# My Miniature Horse Colt



## Di (Jan 29, 2008)

This is Dude. He was having a great run today!


----------



## liz (Oct 5, 2007)

Look at him...he looks beautiful with is mane and tail out behind him! How old is he?

I am seriously thinking of getting a young mini to "fit" in with my goats, but right now with the price of everything I don't know if I could afford to feed a mini thru the winter! Sucks cause right now my field is really growing up and we all know that goats don't graze and a mini horse would have all the pasture it would want!


----------



## Di (Jan 29, 2008)

He's 3 yrs. old. He's registered and is pretty well-bred. We're going to breed him to our 2 mini mares this summer. He's all ready! Prancing around like a real stud muffin. He's so cute. Then, he'll probably be for sale. I don't plan to be a "big-time" horse breeder. He has his own paddock, but he spends quite alot of time with the Cashmere bucks and the Pygora buck.
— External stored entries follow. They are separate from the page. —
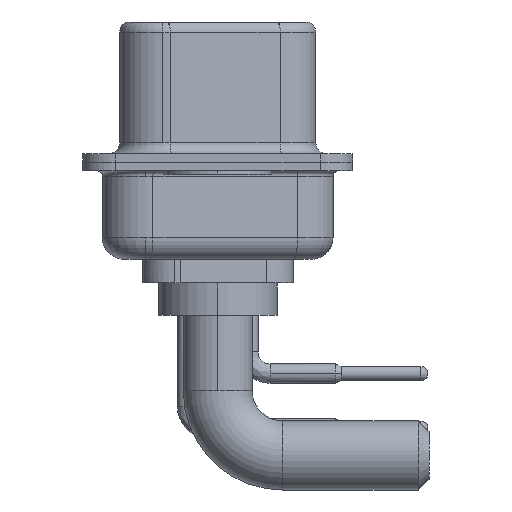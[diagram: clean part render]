
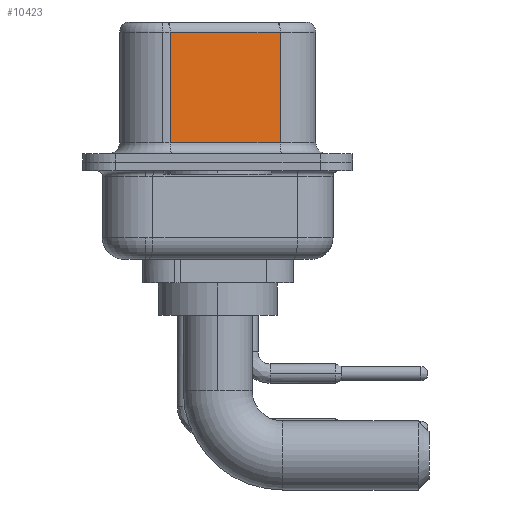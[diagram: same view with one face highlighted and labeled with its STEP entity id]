
A CAD part, left-side view. The second image highlights one B-rep face of the part: STEP entity #10423.
In plain terms, the highlighted planar face has unit normal (-0.985, -0.174, 0).
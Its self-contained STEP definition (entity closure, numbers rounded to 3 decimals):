
#135 = LINE ( 'NONE', #10575, #1607 ) ;
#330 = LINE ( 'NONE', #8398, #24265 ) ;
#1218 = CARTESIAN_POINT ( 'NONE',  ( 3.68, 2.203, 6.52 ) ) ;
#1607 = VECTOR ( 'NONE', #24310, 1000. ) ;
#1766 = VERTEX_POINT ( 'NONE', #18575 ) ;
#4457 = LINE ( 'NONE', #6704, #8507 ) ;
#4925 = EDGE_LOOP ( 'NONE', ( #16007, #21840, #4938, #21956 ) ) ;
#4938 = ORIENTED_EDGE ( 'NONE', *, *, #22618, .T. ) ;
#5546 = EDGE_CURVE ( 'NONE', #13918, #14015, #135, .T. ) ;
#6371 = EDGE_CURVE ( 'NONE', #23863, #1766, #330, .T. ) ;
#6400 = DIRECTION ( 'NONE',  ( -0.174, 0.985, 0. ) ) ;
#6704 = CARTESIAN_POINT ( 'NONE',  ( 4.58, -2.897, 6.52 ) ) ;
#8398 = CARTESIAN_POINT ( 'NONE',  ( 4.58, -2.897, 6.02 ) ) ;
#8507 = VECTOR ( 'NONE', #10680, 1000. ) ;
#8933 = AXIS2_PLACEMENT_3D ( 'NONE', #15887, #26053, #23930 ) ;
#10423 = ADVANCED_FACE ( 'NONE', ( #12043 ), #14159, .F. ) ;
#10575 = CARTESIAN_POINT ( 'NONE',  ( 4.58, -2.897, 0.9 ) ) ;
#10680 = DIRECTION ( 'NONE',  ( 0., 0., -1. ) ) ;
#12043 = FACE_OUTER_BOUND ( 'NONE', #4925, .T. ) ;
#13440 = CARTESIAN_POINT ( 'NONE',  ( 4.58, -2.897, 0.9 ) ) ;
#13918 = VERTEX_POINT ( 'NONE', #23329 ) ;
#14015 = VERTEX_POINT ( 'NONE', #13440 ) ;
#14159 = PLANE ( 'NONE',  #8933 ) ;
#15384 = LINE ( 'NONE', #1218, #25876 ) ;
#15887 = CARTESIAN_POINT ( 'NONE',  ( 4.58, -2.897, 6.52 ) ) ;
#16007 = ORIENTED_EDGE ( 'NONE', *, *, #21504, .F. ) ;
#17322 = CARTESIAN_POINT ( 'NONE',  ( 4.58, -2.897, 6.02 ) ) ;
#18575 = CARTESIAN_POINT ( 'NONE',  ( 3.68, 2.203, 6.02 ) ) ;
#21437 = DIRECTION ( 'NONE',  ( 0., 0., -1. ) ) ;
#21504 = EDGE_CURVE ( 'NONE', #23863, #14015, #4457, .T. ) ;
#21840 = ORIENTED_EDGE ( 'NONE', *, *, #6371, .T. ) ;
#21956 = ORIENTED_EDGE ( 'NONE', *, *, #5546, .T. ) ;
#22618 = EDGE_CURVE ( 'NONE', #1766, #13918, #15384, .T. ) ;
#23329 = CARTESIAN_POINT ( 'NONE',  ( 3.68, 2.203, 0.9 ) ) ;
#23863 = VERTEX_POINT ( 'NONE', #17322 ) ;
#23930 = DIRECTION ( 'NONE',  ( -0.174, 0.985, 0. ) ) ;
#24265 = VECTOR ( 'NONE', #6400, 1000. ) ;
#24310 = DIRECTION ( 'NONE',  ( 0.174, -0.985, 0. ) ) ;
#25876 = VECTOR ( 'NONE', #21437, 1000. ) ;
#26053 = DIRECTION ( 'NONE',  ( 0.985, 0.174, 0. ) ) ;

My older Cashmere buck is almost as big as Dude! Dude used to bully him but Bambino got tired of it one day and started pushing him in the chest, his horns are wide enough that Dude's chest area fit right in the center. Bambino pushed him off his feet...I was just getting ready to break them up when Dude gave up...they've been friends ever since. It's pretty funny, they still play the game sometimes (I wish I could get a picture of it), the other two just stand back and watch, but they want none of it. I put Dude in his paddock every night, Bambino waits right by the gate (if it's not raining), till morning when he comes out to "play"!


----------



## enjoytheride (Oct 5, 2007)

it's so much fun to watch a horse run- they so enjoy it. He a real beauty.


----------



## goathappy (Oct 5, 2007)

He is handsome!!


----------